Abbreviated passage:

The ksp for lead (II) iodine is 1.3 X 10 ^-3

How many grams of lead (II) iodine exist in .1M of 100 ml of the saturated solution?

The answer simply takes the ksp, finds the # of moles, and converts to grams.

So, my question is what does the 1.3 X 10 ^ -3 represent?

The equation is pBI2 - > PH + 2I

correct? Thus, in a saturated solution, how much of each should exist?

thanks.

 

[Preciouzgeek]

I'm not the best at explaining things, but here it goes lol 😛...

Ksp is synonymous to Keq, it's used to find solubility equilibrium (when rate of dissociation = precipitation, thus a saturated solution).
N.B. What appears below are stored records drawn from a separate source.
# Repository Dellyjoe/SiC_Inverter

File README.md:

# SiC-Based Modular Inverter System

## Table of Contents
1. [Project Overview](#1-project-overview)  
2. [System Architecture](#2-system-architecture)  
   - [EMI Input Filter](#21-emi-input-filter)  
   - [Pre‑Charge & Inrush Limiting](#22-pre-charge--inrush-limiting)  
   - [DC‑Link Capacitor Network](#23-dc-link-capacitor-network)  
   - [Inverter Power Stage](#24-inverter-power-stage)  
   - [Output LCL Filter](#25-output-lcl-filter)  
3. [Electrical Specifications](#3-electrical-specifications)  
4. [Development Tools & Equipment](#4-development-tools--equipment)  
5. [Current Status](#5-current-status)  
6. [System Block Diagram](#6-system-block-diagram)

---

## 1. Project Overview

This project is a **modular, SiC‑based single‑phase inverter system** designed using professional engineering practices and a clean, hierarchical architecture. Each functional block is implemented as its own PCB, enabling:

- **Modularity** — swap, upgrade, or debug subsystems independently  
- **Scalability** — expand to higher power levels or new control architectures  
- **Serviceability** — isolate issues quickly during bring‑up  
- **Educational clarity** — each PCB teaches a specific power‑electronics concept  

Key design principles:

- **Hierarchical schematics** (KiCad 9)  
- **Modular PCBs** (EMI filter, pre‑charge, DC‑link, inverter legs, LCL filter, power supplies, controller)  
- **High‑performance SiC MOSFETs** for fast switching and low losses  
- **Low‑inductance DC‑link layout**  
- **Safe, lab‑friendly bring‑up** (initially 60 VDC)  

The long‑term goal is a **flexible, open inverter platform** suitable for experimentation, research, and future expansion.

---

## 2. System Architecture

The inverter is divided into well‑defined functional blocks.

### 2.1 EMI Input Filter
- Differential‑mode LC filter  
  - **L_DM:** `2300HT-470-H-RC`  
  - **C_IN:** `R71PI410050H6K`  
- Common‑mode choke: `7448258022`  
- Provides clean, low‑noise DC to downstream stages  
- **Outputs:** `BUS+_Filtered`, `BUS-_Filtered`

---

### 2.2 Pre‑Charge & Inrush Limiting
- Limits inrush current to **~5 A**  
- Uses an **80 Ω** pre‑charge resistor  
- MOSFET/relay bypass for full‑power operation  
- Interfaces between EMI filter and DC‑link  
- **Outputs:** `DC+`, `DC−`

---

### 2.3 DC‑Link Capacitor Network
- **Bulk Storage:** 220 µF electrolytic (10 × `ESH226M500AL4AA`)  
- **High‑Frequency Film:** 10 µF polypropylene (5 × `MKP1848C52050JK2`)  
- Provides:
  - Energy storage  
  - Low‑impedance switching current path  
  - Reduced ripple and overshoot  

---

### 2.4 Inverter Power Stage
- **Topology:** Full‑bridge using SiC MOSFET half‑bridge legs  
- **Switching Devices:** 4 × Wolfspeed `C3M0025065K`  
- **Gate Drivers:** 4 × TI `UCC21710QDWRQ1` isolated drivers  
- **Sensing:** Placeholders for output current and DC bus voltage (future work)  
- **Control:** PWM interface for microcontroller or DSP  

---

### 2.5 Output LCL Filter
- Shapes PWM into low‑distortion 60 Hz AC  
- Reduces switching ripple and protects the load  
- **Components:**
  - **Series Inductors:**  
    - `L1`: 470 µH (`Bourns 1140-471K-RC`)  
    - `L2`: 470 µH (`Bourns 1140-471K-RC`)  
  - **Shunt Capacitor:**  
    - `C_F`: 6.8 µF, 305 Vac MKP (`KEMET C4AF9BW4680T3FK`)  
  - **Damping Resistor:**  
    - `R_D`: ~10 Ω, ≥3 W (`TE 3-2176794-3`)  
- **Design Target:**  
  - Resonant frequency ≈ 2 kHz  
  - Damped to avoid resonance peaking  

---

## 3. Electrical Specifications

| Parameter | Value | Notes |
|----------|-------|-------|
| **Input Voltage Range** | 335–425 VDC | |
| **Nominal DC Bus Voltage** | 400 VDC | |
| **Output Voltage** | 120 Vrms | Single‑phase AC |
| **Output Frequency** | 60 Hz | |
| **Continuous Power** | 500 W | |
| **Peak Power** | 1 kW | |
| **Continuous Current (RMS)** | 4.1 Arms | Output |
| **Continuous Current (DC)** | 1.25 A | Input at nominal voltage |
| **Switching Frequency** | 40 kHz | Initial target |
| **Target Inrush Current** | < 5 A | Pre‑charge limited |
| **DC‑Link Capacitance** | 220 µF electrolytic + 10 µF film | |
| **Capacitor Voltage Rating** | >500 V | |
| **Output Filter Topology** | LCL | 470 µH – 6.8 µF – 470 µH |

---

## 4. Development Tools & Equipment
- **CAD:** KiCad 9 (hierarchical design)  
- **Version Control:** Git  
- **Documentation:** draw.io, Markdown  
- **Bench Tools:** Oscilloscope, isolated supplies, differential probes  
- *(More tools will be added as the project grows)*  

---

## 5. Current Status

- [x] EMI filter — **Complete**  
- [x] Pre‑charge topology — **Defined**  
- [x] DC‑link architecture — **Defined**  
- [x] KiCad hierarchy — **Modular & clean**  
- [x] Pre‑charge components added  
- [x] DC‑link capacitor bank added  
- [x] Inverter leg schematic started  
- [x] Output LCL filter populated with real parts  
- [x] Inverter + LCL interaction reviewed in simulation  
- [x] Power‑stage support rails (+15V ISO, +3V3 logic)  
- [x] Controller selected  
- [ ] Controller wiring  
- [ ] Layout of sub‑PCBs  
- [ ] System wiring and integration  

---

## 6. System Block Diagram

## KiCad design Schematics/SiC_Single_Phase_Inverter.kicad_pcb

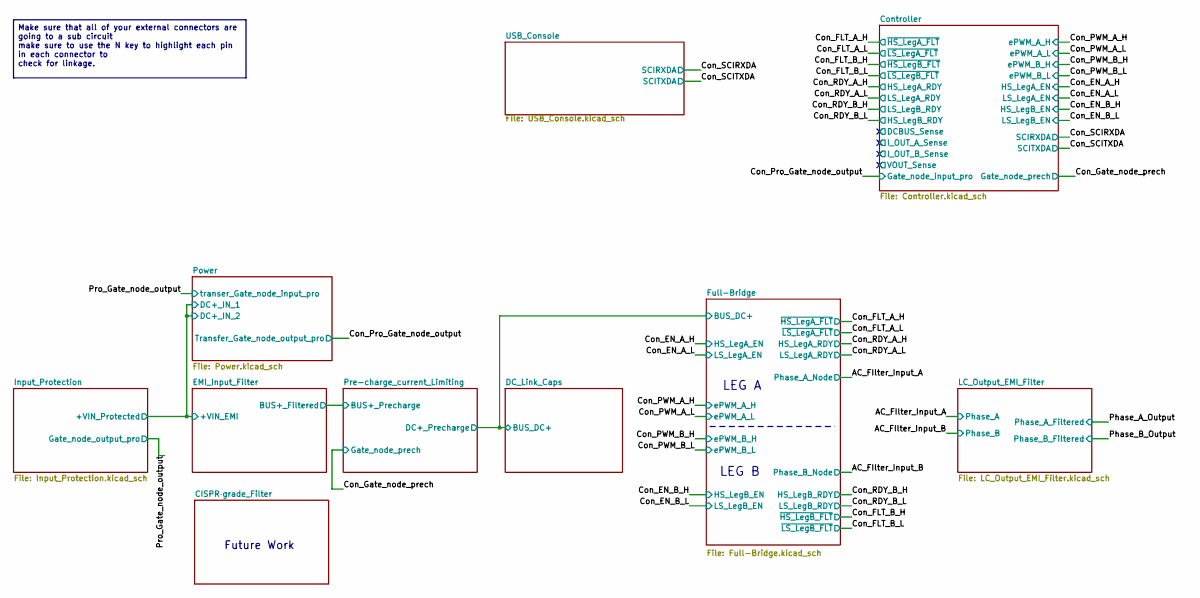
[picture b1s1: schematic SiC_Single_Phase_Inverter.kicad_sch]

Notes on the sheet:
LEG B
Future Work
LEG A
Make sure that all of your external connectors are going to a sub circuit make sure to use the N key to highlight each pin in each connector to check for linkage.

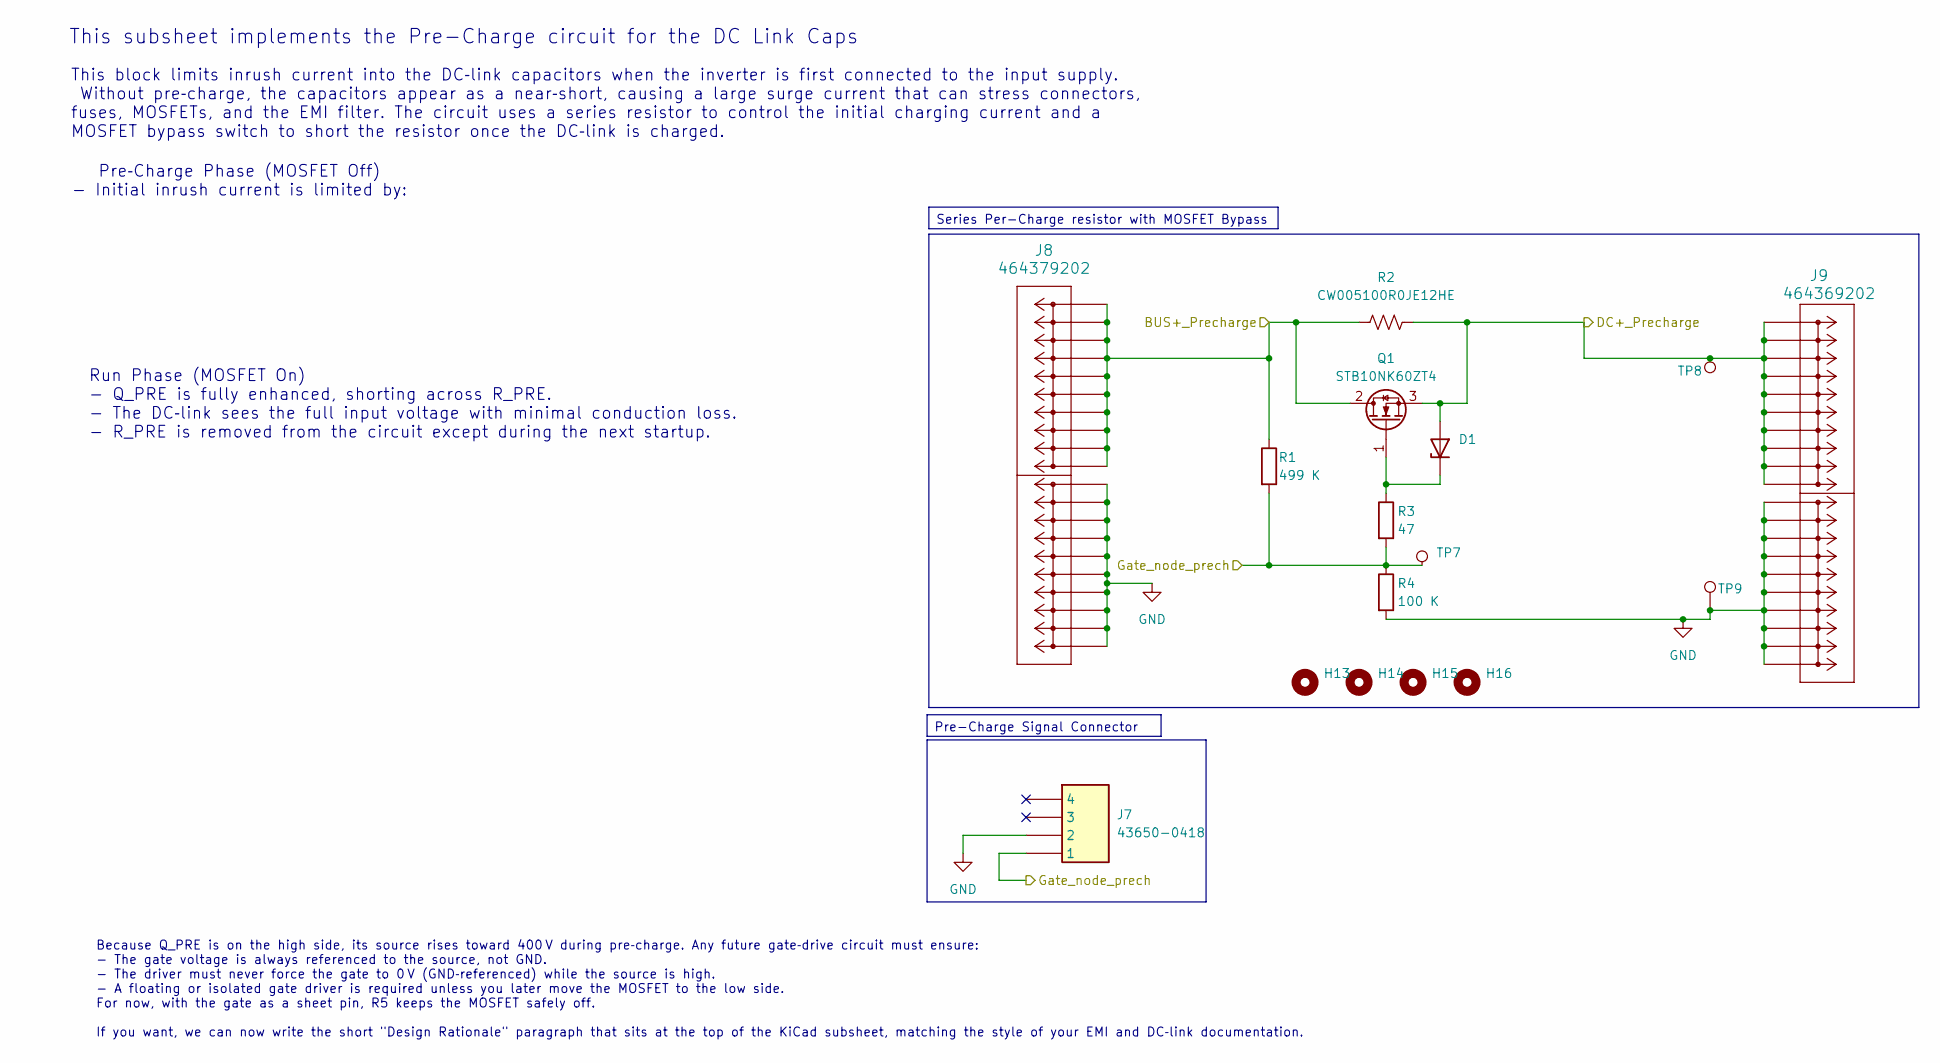
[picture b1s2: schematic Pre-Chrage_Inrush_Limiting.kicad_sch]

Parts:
D1: BZX84C15-7-F; SOT-23-3
H13, H14, H15, H16: MountingHole; MountingHole_2.2mm_M2
J7: 43650-0418; 436500418; Mouser Part Number 538-43650-0418
J8: 464379202; 46437-900_02
J9: 464369202; 46436-900_02
Q1: STB10NK60ZT4; TO-263-2
R1: 499 K; R_1206_3216Metric_Pad1.30x1.75mm_HandSolder
R2: CW005100R0JE12HE
R3: 47; R_1206_3216Metric_Pad1.30x1.75mm_HandSolder
R4: 100 K; R_1206_3216Metric_Pad1.30x1.75mm_HandSolder
TP7, TP8: 5277
TP9: 5281

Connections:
/Con_Gate_node_prech: J7.1, R1.2, R3.2, R4.1, TP7.1 (1_1); also elsewhere on the board
/DC_Link_Caps/BUS_DC+: D1.2 (A), J9.P1_1, J9.P1_2, J9.P1_3, J9.P1_4, J9.P1_5, J9.P1_6, J9.P1_7, J9.P1_8, J9.P1_9, J9.P1_10, Q1.3, R2.2, TP8.1 (1_1); also elsewhere on the board
/EMI_Input_Filter/BUS+_Filtered: J8.P2_1, J8.P2_2, J8.P2_3, J8.P2_4, J8.P2_5, J8.P2_6, J8.P2_7, J8.P2_8, J8.P2_9, J8.P2_10, Q1.2, R1.1, R2.1; also elsewhere on the board
GND: J7.2, J8.P1_1, J8.P1_2, J8.P1_3, J8.P1_4, J8.P1_5, J8.P1_6, J8.P1_7, J8.P1_8, J8.P1_9, J8.P1_10, J9.P2_1, J9.P2_2, J9.P2_3, J9.P2_4, J9.P2_5, J9.P2_6, J9.P2_7, J9.P2_8, J9.P2_9, J9.P2_10, R4.2, TP9.1 (1_1); also elsewhere on the board
unnamed: D1.1 (K), Q1.1 (G), R3.1

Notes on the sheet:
This block limits inrush current into the DC‑link capacitors when the inverter is first connected to the input supply. Without pre‑charge, the capacitors appear as a near‑short, causing a large surge current that can stress connectors, fuses, MOSFETs, and the EMI filter. The circuit uses a series r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
Pre‑Charge Phase (MOSFET Off) - Initial inrush current is limited by:
This subsheet implements the Pre-Charge circuit for the DC Link Caps
Run Phase (MOSFET On) - Q_PRE is fully enhanced, shorting across R_PRE. - The DC‑link sees the full input voltage with minimal conduction loss. - R_PRE is removed from the circuit except during the next startup.
Because Q_PRE is on the high side, its source rises toward 400 V during pre‑charge. Any future gate‑drive circuit must ensure: - The gate voltage is always referenced to the source, not GND. - The driver must never force the gate to 0 V (GND‑referenced) while the source is high. - A floating or iso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
Series Per-Charge resistor with MOSFET Bypass
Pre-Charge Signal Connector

Dissociation reaction: (including ions)
PbI2 --> Pb^(2+) + 2I^(-1)

Dissociation reaction: (w/o ions)
PbI2 --> Pb + 2I

As a result:
PbI2 --> Pb + 2I
Ksp = [Pb]
Ksp = [x][2x]^2

If the question were asking for the concentration of Pb or I, it would be x or 2x, respectively.

But, the question is asking for the concentration of PbI2.
Since Ksp = saturation (dissociation = precipitation), PbI2 = Ksp.

That's why in the answer they just converted the Ksp, which is the concentration of PbI2 in M, to grams.

Hope that helped 🙂

 

[liveoak]

is the PbI2 in the solution a precipitate or not?

i guess that's what is tripping me up.

 

[liveoak]

i am a loser. they gave me the solubility, not the ksp. i read it wrong.